The only difference is powershell uses “>” and “<” for redirection, and so
uses mnemonic operators for comparisons.

Nu doesn't seem to support redirection (or even have anything other than one
input and one output stream, though metadata might serve the purposes
otherwise served by additional streams; it's not how a program would return
something Nu would treat as metadata, though.)

I guess that with a structured-data shell, error type of info could just be
returned in-band under a different tag, in any case.

------
massung
Pretty cool idea and project. Hope you take it further and it turns into
something truly spectacular!

My only comment is on the article. This line:

> Nu would not have been possible without Rust.

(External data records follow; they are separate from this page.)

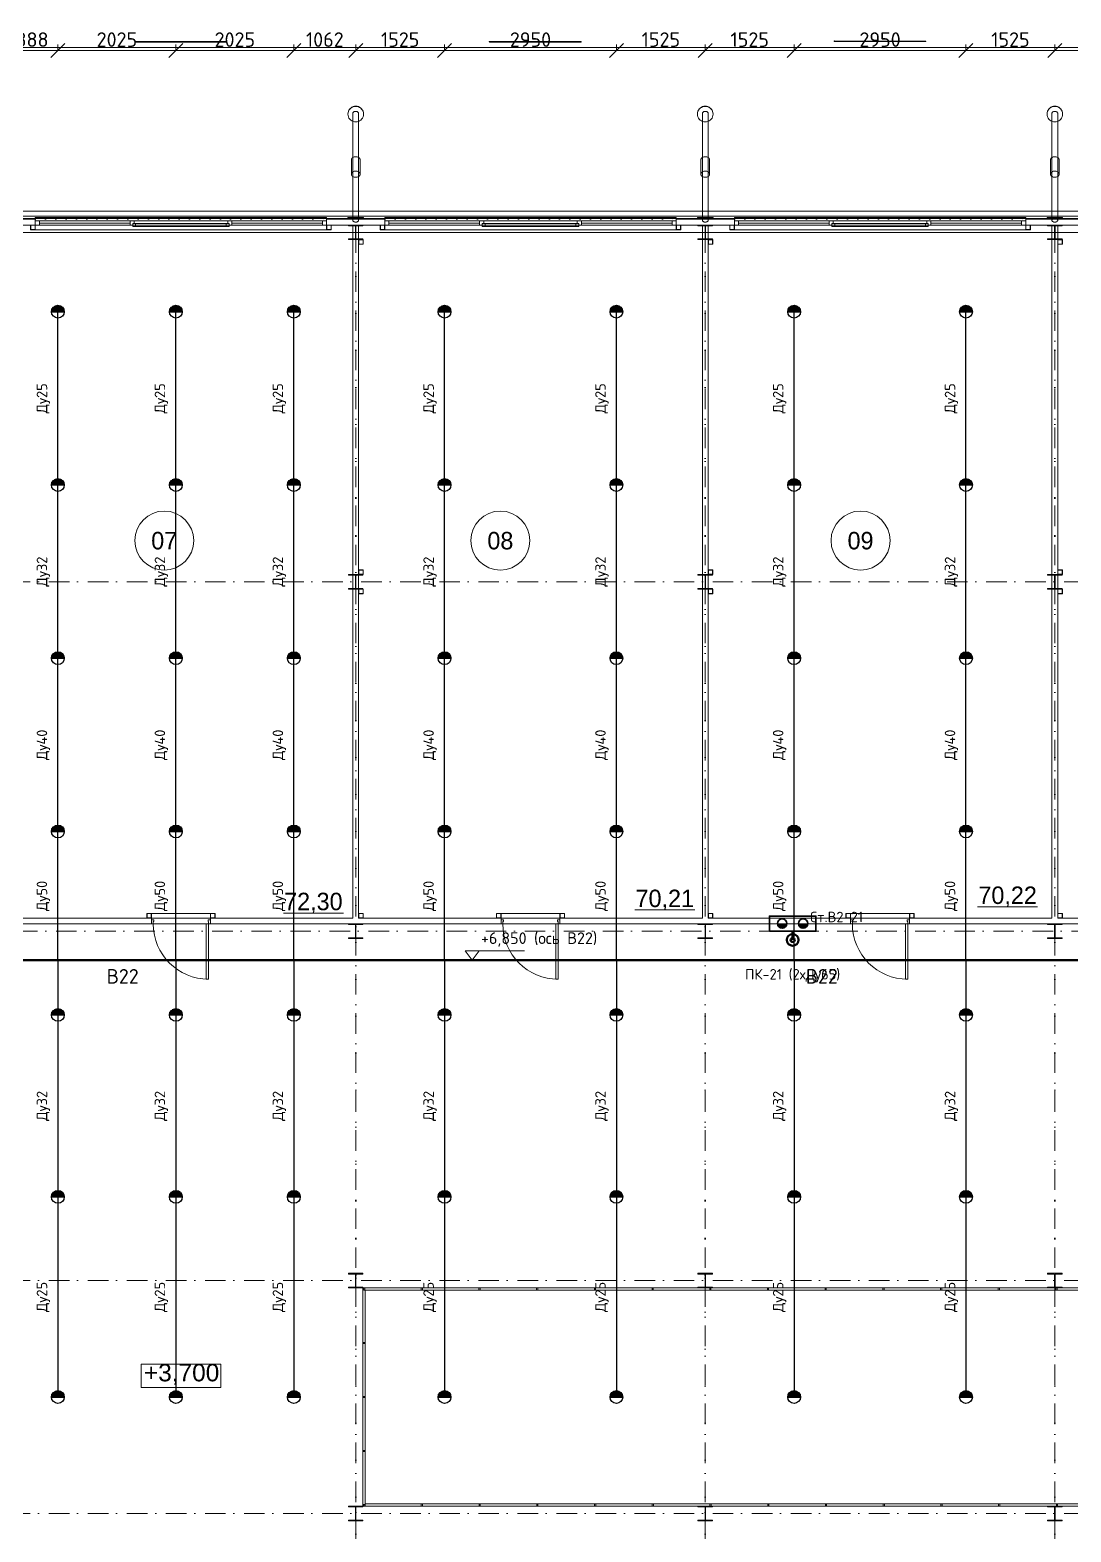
# Model space of a CAD drawing. Header units: millimetres. Extents: x 0 to 2118900, y -20000 to 84100.
# Drawn here: x 860410 to 878277, y 41684 to 67474 of the extents above; entities that cross this region are included whole.
import ezdxf
from ezdxf.enums import TextEntityAlignment as Align

# ---------------------------------------------------------------- set-up
doc = ezdxf.new("R2010")
doc.units = ezdxf.units.MM
for name, pattern in [('Dot & Dashed', [670.277762, 352.777767, -176.388884, 0, -141.111112]), ('Крупный пунктир', [634.99999, 0, -634.99999]), ('Пунктирная', [176.388884, 0, -176.388884])]:
    doc.linetypes.add(name, pattern=pattern)
for name, color, linetype, lineweight in [('АР_подоснова', 8, 'Continuous', 13), ('ПТ_В2', 3, 'Continuous', 50), ('ПТ_В22', 6, 'Continuous', 50), ('ПТ_В22_расп', 6, 'Continuous', 30), ('ПТ_оросители', 7, 'Continuous', 25), ('ПТ_ПК', 30, 'Continuous', 35), ('ПТ_размеры', 7, 'Continuous', 13), ('ПТ_текст', 7, 'Continuous', 18)]:
    doc.layers.add(name, color=color, linetype=linetype, lineweight=lineweight)
doc.styles.add('АР_текст_1', font='arial.ttf')
doc.styles.add('ПТ', font='isocpeur.ttf')
doc.dimstyles.new('ПТ100', dxfattribs={"dimscale": 100, "dimtxt": 2.5, "dimasz": 1.2, "dimexe": 1, "dimexo": 0, "dimgap": 0.6, "dimtad": 1, "dimdec": 0, "dimtxsty": 'ПТ', "dimtsz": 1.2, "dimcen": 2.5, "dimclrd": 7, "dimclre": 7, "dimclrt": 7, "dimazin": 3, "dimtfac": 1, "dimtmove": 0, "dimatfit": 3, "dimlwd": 13, "dimlwe": 13, "dimarcsym": 0})

# ---------------------------------------------------------------- blocks, each defined once
blk = doc.blocks.new('Перекрытие_1101', base_point=(98125, 40125))
at = {"color": 0, "linetype": 'Continuous', "lineweight": -2, "flags": 128}
for points in [[(98125, 40125), (51875, 40125), (51875, 29425), (46123, 29425), (46123, 40125), (-125, 40125), (-125, -125), (46125, -125), (46125, 10575), (51875, 10575), (51875, -125), (98125, -125)], [(58125, 18125), (87875, 18125), (87875, 21875), (58125, 21875)]]:
    blk.add_lwpolyline(points, close=True, dxfattribs=at)
blk = doc.blocks.new('Стена_1410', base_point=(70000, 28125))
at = {"color": 0, "linetype": 'Continuous', "lineweight": -2}
for p, q in [((69955, 28115), (70050, 28115)), ((70050, 28115), (70050, 28125))]:
    blk.add_line(p, q, dxfattribs=at)
at = {"color": 0, "linetype": 'Continuous', "lineweight": -2, "flags": 128}
for points in [[(70050, 33875), (69950, 33875)], [(69950, 33875), (69950, 28225)], [(70050, 28225), (70050, 33875)], [(69950, 28125), (70050, 28125)]]:
    blk.add_lwpolyline(points, dxfattribs=at)
blk = doc.blocks.new('Стена_1510', base_point=(64000, 28125))
at = {"color": 0, "linetype": 'Continuous', "lineweight": -2}
for p, q in [((63955, 28115), (64050, 28115)), ((64050, 28115), (64050, 28125))]:
    blk.add_line(p, q, dxfattribs=at)
at = {"color": 0, "linetype": 'Continuous', "lineweight": -2, "flags": 128}
for points in [[(64050, 33875), (63950, 33875)], [(63950, 33875), (63950, 28225)], [(64050, 28225), (64050, 33875)], [(63950, 28125), (64050, 28125)]]:
    blk.add_lwpolyline(points, dxfattribs=at)
blk = doc.blocks.new('Стена_1610', base_point=(58000, 28125))
at = {"color": 0, "linetype": 'Continuous', "lineweight": -2}
for p, q in [((57955, 28115), (58050, 28115)), ((58050, 28115), (58050, 28125))]:
    blk.add_line(p, q, dxfattribs=at)
at = {"color": 0, "linetype": 'Continuous', "lineweight": -2, "flags": 128}
for points in [[(58050, 33875), (57950, 33875)], [(57950, 33875), (57950, 28225)], [(58050, 28225), (58050, 33875)], [(57950, 28125), (58050, 28125)]]:
    blk.add_lwpolyline(points, dxfattribs=at)
blk = doc.blocks.new('Стена_450', base_point=(58000, 34125))
at = {"color": 0, "linetype": 'Continuous', "lineweight": -2, "flags": 128}
for points in [[(58050, 39875), (57950, 39875)], [(57950, 39875), (57950, 34125)], [(58050, 34125), (58050, 39875)], [(57950, 34125), (58050, 34125)]]:
    blk.add_lwpolyline(points, dxfattribs=at)
blk = doc.blocks.new('Стена_460', base_point=(64000, 34125))
at = {"color": 0, "linetype": 'Continuous', "lineweight": -2, "flags": 128}
for points in [[(64050, 39875), (63950, 39875)], [(63950, 39875), (63950, 34125)], [(64050, 34125), (64050, 39875)], [(63950, 34125), (64050, 34125)]]:
    blk.add_lwpolyline(points, dxfattribs=at)
blk = doc.blocks.new('Стена_470', base_point=(70000, 34125))
at = {"color": 0, "linetype": 'Continuous', "lineweight": -2, "flags": 128}
for points in [[(70050, 39875), (69950, 39875)], [(69950, 39875), (69950, 34125)], [(70050, 34125), (70050, 39875)], [(69950, 34125), (70050, 34125)]]:
    blk.add_lwpolyline(points, dxfattribs=at)
blk = doc.blocks.new('Лист Профилированный 27')
at = {"color": 0, "linetype": 'Continuous', "lineweight": -2, "flags": 128}
blk.add_lwpolyline([(0, 200), (0, 0), (90395, 0), (90395, 200), (90395, 2610), (90395, 2809), (0, 2809), (0, 2610)], close=True, dxfattribs=at)
blk = doc.blocks.new('Конструктор Кровли 27')
at = {"color": 0, "linetype": 'Continuous', "lineweight": -2, "flags": 128}
for points in [[(0, 46123), (0, 0), (40000, 0), (40000, 46125), (29425, 46125), (29425, 51875), (40000, 51875), (40000, 98000), (0, 98000), (0, 51875), (10575, 51875), (10575, 46123)], [(18125, 87875), (21875, 87875), (21875, 58125), (18125, 58125)]]:
    blk.add_lwpolyline(points, close=True, dxfattribs=at)
blk = doc.blocks.new('Колонна SHS ГК 271')
at = {"color": 0, "linetype": 'Continuous', "lineweight": -2}
for p, q in [((40, 40), (-40, 40)), ((-40, 40), (-40, -40)), ((-36.4, -36.4), (-36.4, 36.4)), ((-36.4, 36.4), (36.4, 36.4)), ((36.4, 36.4), (36.4, -36.4)), ((40, -40), (40, 40)), ((-40, -40), (40, -40)), ((36.4, -36.4), (-36.4, -36.4))]:
    blk.add_line(p, q, dxfattribs=at)
blk = doc.blocks.new('Труба Квадратного Сечения ГК SHS 270')
at = {"color": 0, "linetype": 'Continuous', "lineweight": -2}
for p, q in [((505, 40), (0, 40)), ((0, 40), (0, 0)), ((0, 0), (0, -40)), ((1010, 40), (505, 40)), ((1010, 0), (1010, 40)), ((1010, -40), (1010, 0)), ((0, -40), (505, -40)), ((505, -40), (1010, -40))]:
    blk.add_line(p, q, dxfattribs=at)
blk = doc.blocks.new('Труба Квадратного Сечения ГК SHS 27_30')
at = {"color": 0, "linetype": 'Continuous', "lineweight": -2}
for p, q in [((2500, 40), (0, 40)), ((0, 40), (0, 0)), ((0, 0), (0, -40)), ((5000, 40), (2500, 40)), ((5000, 0), (5000, 40)), ((5000, -40), (5000, 0)), ((0, -40), (2500, -40)), ((2500, -40), (5000, -40))]:
    blk.add_line(p, q, dxfattribs=at)
blk = doc.blocks.new('Стена_550', base_point=(3803, 40236))
at = {"color": 0, "linetype": 'Continuous', "lineweight": -2}
blk.add_line((3803, 40237), (94198, 40237), dxfattribs=at)
at = {"color": 0, "linetype": 'Continuous', "lineweight": -2, "flags": 128}
for points in [[(94198, 40276), (3803, 40276)], [(3803, 40236), (94198, 40236)]]:
    blk.add_lwpolyline(points, dxfattribs=at)
blk = doc.blocks.new('Кладовая_07_7', base_point=(54844, 34842))
at = {"color": 0, "linetype": 'Continuous', "lineweight": -2}
blk.add_line((56758, 28310), (57788, 28310), dxfattribs=at)
for start, end in [(0, 180), (180, 0)]:
    blk.add_arc((54713, 34708), 506, start, end, dxfattribs=at)
at = {"color": 0, "lineweight": -2, "style": 'АР_текст_1'}
for tag, p in [('ROOM_NUMBER', (54713, 34706)), ('ROOM_AREA', (57273, 28510))]:
    blk.add_attdef(tag, text='', height=300, dxfattribs=at).set_placement(p, align=Align.MIDDLE_CENTER)
blk = doc.blocks.new('Кладовая_08_8', base_point=(60897, 34896))
at = {"color": 0, "linetype": 'Continuous', "lineweight": -2}
blk.add_line((62790, 28364), (63820, 28364), dxfattribs=at)
for start, end in [(0, 180), (180, 0)]:
    blk.add_arc((60483, 34708), 506, start, end, dxfattribs=at)
at = {"color": 0, "lineweight": -2, "style": 'АР_текст_1'}
for tag, p in [('ROOM_NUMBER', (60483, 34706)), ('ROOM_AREA', (63305, 28563))]:
    blk.add_attdef(tag, text='', height=300, dxfattribs=at).set_placement(p, align=Align.MIDDLE_CENTER)
blk = doc.blocks.new('Кладовая_09_9', base_point=(66931, 34815))
at = {"color": 0, "linetype": 'Continuous', "lineweight": -2}
blk.add_line((68675, 28418), (69705, 28418), dxfattribs=at)
for start, end in [(0, 180), (180, 0)]:
    blk.add_arc((66665, 34708), 506, start, end, dxfattribs=at)
at = {"color": 0, "lineweight": -2, "style": 'АР_текст_1'}
for tag, p in [('ROOM_NUMBER', (66665, 34706)), ('ROOM_AREA', (69190, 28617))]:
    blk.add_attdef(tag, text='', height=300, dxfattribs=at).set_placement(p, align=Align.MIDDLE_CENTER)
blk = doc.blocks.new('Однопольная Дверь 270')
at = {"color": 0, "linetype": 'Continuous', "lineweight": -2}
for p, q in [((435, 0), (435, 950)), ((435, 950), (475, 950)), ((475, 950), (475, 0)), ((-475, 0), (-505, 0)), ((-505, 0), (-505, -70)), ((-505, 0), (-505, -70)), ((-505, 0), (-505, -70)), ((-475, -40), (-475, 0)), ((475, 0), (435, 0)), ((505, 0), (475, 0)), ((475, 0), (475, -40)), ((505, -70), (505, 0)), ((505, 0), (505, -70)), ((505, 0), (505, -70)), ((-505, -70), (-465, -70)), ((-505, -70), (-505, -100)), ((-465, -40), (-475, -40)), ((-465, -70), (-465, -40)), ((475, -40), (465, -40)), ((465, -40), (465, -70)), ((465, -70), (505, -70)), ((505, -70), (505, -100))]:
    blk.add_line(p, q, dxfattribs=at)
blk.add_arc((475, 0), 950, 90, 180, dxfattribs=at)
blk = doc.blocks.new('Стена_870', base_point=(51875, 28225))
at = {"color": 0, "linetype": 'Continuous', "lineweight": -2}
for p, q in [((54495, 28195), (54495, 28225)), ((54495, 28125), (54495, 28195)), ((55505, 28195), (55505, 28225)), ((55505, 28125), (55505, 28195)), ((60495, 28195), (60495, 28225)), ((60495, 28125), (60495, 28195)), ((61505, 28195), (61505, 28225)), ((61505, 28125), (61505, 28195)), ((66495, 28195), (66495, 28225)), ((66495, 28125), (66495, 28195)), ((67505, 28195), (67505, 28225)), ((67505, 28125), (67505, 28195))]:
    blk.add_line(p, q, dxfattribs=at)
at = {"color": 0, "linetype": 'Continuous', "lineweight": -2, "flags": 128}
for points in [[(54495, 28225), (51875, 28225)], [(51875, 28125), (54495, 28125)], [(57950, 28225), (55505, 28225)], [(55505, 28125), (57950, 28125)], [(60495, 28225), (58050, 28225)], [(58050, 28125), (60495, 28125)], [(63950, 28225), (61505, 28225)], [(61505, 28125), (63950, 28125)], [(66495, 28225), (64050, 28225)], [(64050, 28125), (66495, 28125)], [(69950, 28225), (67505, 28225)], [(67505, 28125), (69950, 28125)], [(72495, 28225), (70050, 28225)], [(70050, 28125), (72495, 28125)]]:
    blk.add_lwpolyline(points, dxfattribs=at)
at = {"color": 0, "linetype": 'Continuous', "lineweight": -2, "xscale": -1, "zscale": 1000, "rotation": 180}
for p in [(55000, 28125), (61000, 28125), (67000, 28125)]:
    blk.add_blockref('Однопольная Дверь 270', p, dxfattribs=at)
blk = doc.blocks.new('Ограждение_18')
at = {"color": 0, "linetype": 'Continuous', "lineweight": -2}
for p, q in [((87875, 21875), (58125, 21875)), ((87875, 21875), (58125, 21875)), ((58125, 21875), (58125, 18125)), ((58125, 21875), (58125, 18125)), ((87875, 21875), (58125, 21875)), ((58125, 21875), (58125, 18125)), ((87875, 21875), (58125, 21875)), ((87875, 21875), (58125, 21875)), ((58125, 21875), (58125, 18125)), ((58125, 21875), (58125, 18125)), ((58165, 21835), (87835, 21835)), ((58165, 21835), (87835, 21835)), ((58165, 18165), (58165, 21835)), ((58165, 18165), (58165, 21835)), ((58165, 21835), (87835, 21835)), ((58165, 18165), (58165, 21835)), ((58165, 21835), (87835, 21835)), ((58165, 21835), (87835, 21835)), ((58165, 18165), (58165, 21835)), ((58165, 18165), (58165, 21835)), ((87835, 21835), (87835, 18125)), ((87835, 21835), (87835, 18125)), ((87835, 21835), (87835, 18125)), ((87835, 21835), (87835, 18125)), ((87835, 21835), (87835, 18125)), ((87875, 18125), (87875, 21875)), ((87875, 18125), (87875, 21875)), ((87875, 18125), (87875, 21875)), ((87875, 18125), (87875, 21875)), ((87875, 18125), (87875, 21875)), ((58125, 18125), (87875, 18125)), ((58125, 18125), (87875, 18125)), ((58125, 18125), (87875, 18125)), ((58125, 18125), (87875, 18125)), ((58125, 18125), (87875, 18125)), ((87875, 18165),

That's just patently false.

Perhaps you wouldn't have chosen to code it in another language. Or perhaps
Rust had one or two benefits that assisted in the development of Nu. But you
don't word it that way or go into any details as to what made Rust
special/better than X, Y or Z language (not that you need to, but if you're
going to make a wild statement, you should be prepared to back it up). The
only 3 points made following that were about features that have widely existed
in other languages well before Rust came along: async/await, async streams,
and serde.

Rust is cool and is still exploring some really great ideas in making programs
safer and more maintainable. But, it's not the greatest language ever (at
least not yet), nor does it make the impossible possible. It can merely make
some things easier at the cost of something else.

I'm glad you were able to use it effectively to create a tool you - and others
- find useful.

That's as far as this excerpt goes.